# Why won't GApps flash?!?!?



## MrParks06 (Apr 26, 2012)

Hello everyone. I recently got into the flashing game and I'm loving it, Android all the way. I'm having trouble though where my GApps won't flash. I've tried flashing them through Goo Manager and TWRP 2 as well as straight from the recovery. This happened when I loaded AOKP M5 but I somehow got them back. Now I'm on Build 38 and they didn't flash. If anyone has any thoughts please help, thanks in advance


----------



## Jubakuba (Sep 8, 2011)

Is it throwing errors?
What is causing you to think they aren't flashing?

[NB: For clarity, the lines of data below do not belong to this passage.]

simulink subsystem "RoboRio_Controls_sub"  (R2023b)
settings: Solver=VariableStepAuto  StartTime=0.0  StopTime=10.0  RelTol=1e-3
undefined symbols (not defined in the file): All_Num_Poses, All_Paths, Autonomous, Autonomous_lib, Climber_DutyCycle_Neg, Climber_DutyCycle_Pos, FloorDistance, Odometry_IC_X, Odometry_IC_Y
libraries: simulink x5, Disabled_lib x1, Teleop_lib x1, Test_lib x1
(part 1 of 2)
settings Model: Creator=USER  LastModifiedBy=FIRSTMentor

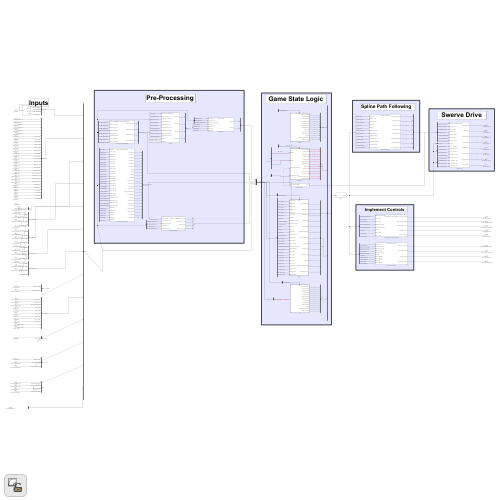
[thumbnail: Simulink's stored preview of the top-level diagram]
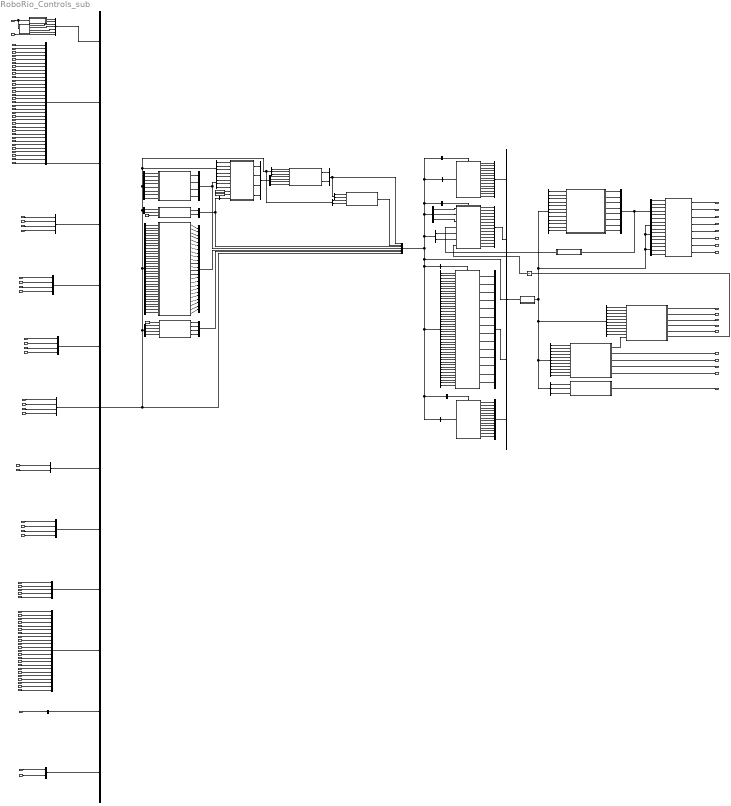
== system RoboRio_Controls_sub ==
  note: Game State Logic
  note: Swerve Drive
  note: Inputs
  note: Pre-Processing
  note: Spline Path
      | Following
  note: Implement Controls
  GameState : Inport
  IsRedAlliance : Inport  Port=2
  Joystick_Left_X : Inport  Port=3
  Joystick_Left_Y : Inport  Port=4
  Joystick_Left_Z : Inport  Port=5
  Joystick_Right_X : Inport  Port=6
  Joystick_Right_Y : Inport  Port=7
  Joystick_Right_Z : Inport  Port=8
  Joystick_Left_B1 : Inport  Port=9
  Joystick_Left_B2 : Inport  Port=10
  Joystick_Left_B3 : Inport  Port=11
  Joystick_Left_B4 : Inport  Port=12
  Joystick_Left_B7 : Inport  Port=13
  Joystick_Left_B8 : Inport  Port=14
  Joystick_Left_B10 : Inport  Port=15
  Joystick_Left_POV : Inport  Port=16
  Joystick_Right_B1 : Inport  Port=17
  Joystick_Right_B2 : Inport  Port=18
  Joystick_Right_B3 : Inport  Port=19
  Joystick_Right_B4 : Inport  Port=20
  Joystick_Right_POV : Inport  Port=21
  Joystick_Right_B7 : Inport  Port=22
  Joystick_Right_B8 : Inport  Port=23
  Joystick_Right_B10 : Inport  Port=24
  Joystick_Right_B14 : Inport  Port=25
  Gamepad_Stick_Left_X : Inport  Port=26
  Gamepad_Stick_Left_Y : Inport  Port=27
  Gamepad_Stick_Right_X : Inport  Port=28
  Gamepad_Stick_Right_Y : Inport  Port=29
  Gamepad_B1_A : Inport  Port=30
  Gamepad_B4_Y : Inport  Port=31
  Gamepad_LB : Inport  Port=32
  Gamepad_LT : Inport  Port=33
  Gamepad_RB : Inport  Port=34
  Gamepad_RT : Inport  Port=35
  Gyro_Angle : Inport  Port=36
  FL_Drive_Motor_Speed : Inport  Port=37
  FR_Drive_Motor_Speed : Inport  Port=38
  BL_Drive_Motor_Speed : Inport  Port=39
  BR_Drive_Motor_Speed : Inport  Port=40
  FL_Drive_Motor_Rev : Inport  Port=41
  FR_Drive_Motor_Rev : Inport  Port=42
  BL_Drive_Motor_Rev : Inport  Port=43
  BR_Drive_Motor_Rev : Inport  Port=44
  FL_Steer_Module_Rev : Inport  Port=45
  FR_Steer_Module_Rev : Inport  Port=46
  BL_Steer_Module_Rev : Inport  Port=47
  BR_Steer_Module_Rev : Inport  Port=48
  FL_Steer_Module_Offset : Inport  Port=49
  FR_Steer_Module_Offset : Inport  Port=50
  BL_Steer_Module_Offset : Inport  Port=51
  BR_Steer_Module_Offset : Inport  Port=52
  Is_Absolute_Steering : Inport  Port=53
  Is_Absolute_Translation : Inport  Port=54
  Intake_TOF_Dist : Inport  Port=55
  Shooter_TOF_Dist : Inport  Port=56
  Shooter_Left_Motor_RPM : Inport  Port=57
  Shooter_Right_Motor_RPM : Inport  Port=58
  Encoder_Revs_Back_Lower : Inport  Port=59
  Encoder_Revs_Back_Upper : Inport  Port=60
  Encoder_Revs_Front : Inport  Port=61
  Encoder_Revs_Ball_Screw : Inport  Port=62
  Encoder_Revs_Climber : Inport  Port=63
  Photon_Est_Pose_X : Inport  Port=64
  Photon_Est_Pose_Y : Inport  Port=65
  Photon_Est_Pose_Ambiguity : Inport  Port=66
  AT_Tag_4_Yaw : Inport  Port=67
  AT_Tag_5_Yaw : Inport  Port=68
  AT_Tag_6_Yaw : Inport  Port=69
  AT_Tag_7_Yaw : Inport  Port=70
  AT_Tag_11_Yaw : Inport  Port=71
  AT_Tag_12_Yaw : Inport  Port=72
  AT_Tag_13_Yaw : Inport  Port=73
  AT_Tag_14_Yaw : Inport  Port=74
  AT_Tag_15_Yaw : Inport  Port=75
  AT_Tag_16_Yaw : Inport  Port=76
  AT_Tag_4_Found : Inport  Port=77
  AT_Tag_5_Found : Inport  Port=78
  AT_Tag_6_Found : Inport  Port=79
  AT_Tag_7_Found : Inport  Port=80
  Line_Sensor_TOF_Range : Inport  Port=81
  AT_Tag_11_Found : Inport  Port=82
  AT_Tag_12_Found : Inport  Port=83
  AT_Tag_13_Found : Inport  Port=84
  AT_Tag_14_Found : Inport  Port=85
  AT_Tag_15_Found : Inport  Port=86
  AT_Tag_16_Found : Inport  Port=87
  Priority_List : Inport  Port=88
  Auto_ID : Inport  Port=89
  Arm_Length_Calculation : Subsystem  ReferencedSubsystem=Arm_Length_Calculation
  Autonomous : Subsystem  AncestorBlock=Autonomous_lib/Autonomous  TreatAsAtomicUnit=on
  Bus Creator : BusCreator  Inputs=7
  Bus Creator{1..2,4,12} (4 alike) : BusCreator  Inputs=14
  Bus Creator{10,19..20,26} (4 alike) : BusCreator  Inputs=2
  Bus Creator11 : BusCreator  Inputs=13
  Bus Creator13 : BusCreator  Inputs=8
  Bus Creator{7..9,14..16,21,23} (8 alike) : BusCreator  Inputs=4
  Bus Creator17 : BusCreator  Inputs=7
  Bus Creator18 : BusCreator  Inputs=23
  Bus Creator22 : BusCreator  Inputs=5
  Bus Creator24 : BusCreator  Inputs=24
  Bus Creator25 : BusCreator  Inputs=1
  Bus Creator3 : BusCreator  Inputs=5
  Bus Creator5 : BusCreator  Inputs=33
  Bus Creator6 : BusCreator  Inputs=1
  Bus Selector : BusSelector  OutputSignals=Steering_Abs_Cmd_SPF,Steering_Rel_Cmd_SPF,Translation_Speed_SPF,Translation_Angle_SPF,Is_Absolute_Translation_SPF,Is_Absolute_Steering_SPF,Gyro_Angle_Adjustment_SPF
  Bus Selector1 : BusSelector  OutputSignals=Odom_Position_X,Odom_Position_Y,Odom_Delta_X,Odom_Delta_Y
  Bus Selector10 : BusSelector  OutputSignals=PreProcessing.Gyro.Gyro_Angle
  Bus Selector11 : BusSelector  OutputSignals=State_Request_Arm,PreProcessing.Arms.Back_Lower_Arm_Length,PreProcessing.Arms.Back_Upper_Arm_Length,PreProcessing.Arms.Front_Arm_Length,PreProcessing.Arms.Ball_Screw_Arm_Length,PreProcessing.Distance_Speaker,Test_Mode,PreProcessing.Human_Inputs.Test_DC_BackUpper,PreProcessing.Human_Inputs.Test_DC_BackLower,PreProcessing.Human_Inputs.Test_DC_Front,PreProcessing.Human_Inputs.Test_DC_BallScrew
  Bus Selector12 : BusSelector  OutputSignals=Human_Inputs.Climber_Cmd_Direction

If the play store and your google account are available...you have GApps.
The apps that are available on the market (play music, gmail, maps, etc) aren't in Gapps anymore.


----------



## RMarkwald (Oct 19, 2011)

Plus make sure you are flashing GApps right after you flash your ROM. Flash the ROM, boot it up, then reboot into recovery to flash GApps. Flash them back to back, then reboot.


----------



## MrParks06 (Apr 26, 2012)

o. I see. lol yea the play store showed up, I just thought all the google apps were supposed to show up. Thanks man


----------



## miketoasty (Jun 10, 2011)

MrParks06 said:


> o. I see. lol yea the play store showed up, I just thought all the google apps were supposed to show up. Thanks man


Not like they used to. Gapps is becoming very minimal and only includes 3 or 4 actual apps now a days.


----------



## codesplice (Oct 21, 2011)

miketoasty said:


> Not like they used to. Gapps is becoming very minimal and only includes 3 or 4 actual apps now a days.


You can find all the apps published by Google by searching "pub: Google Inc." in the Play Store.


----------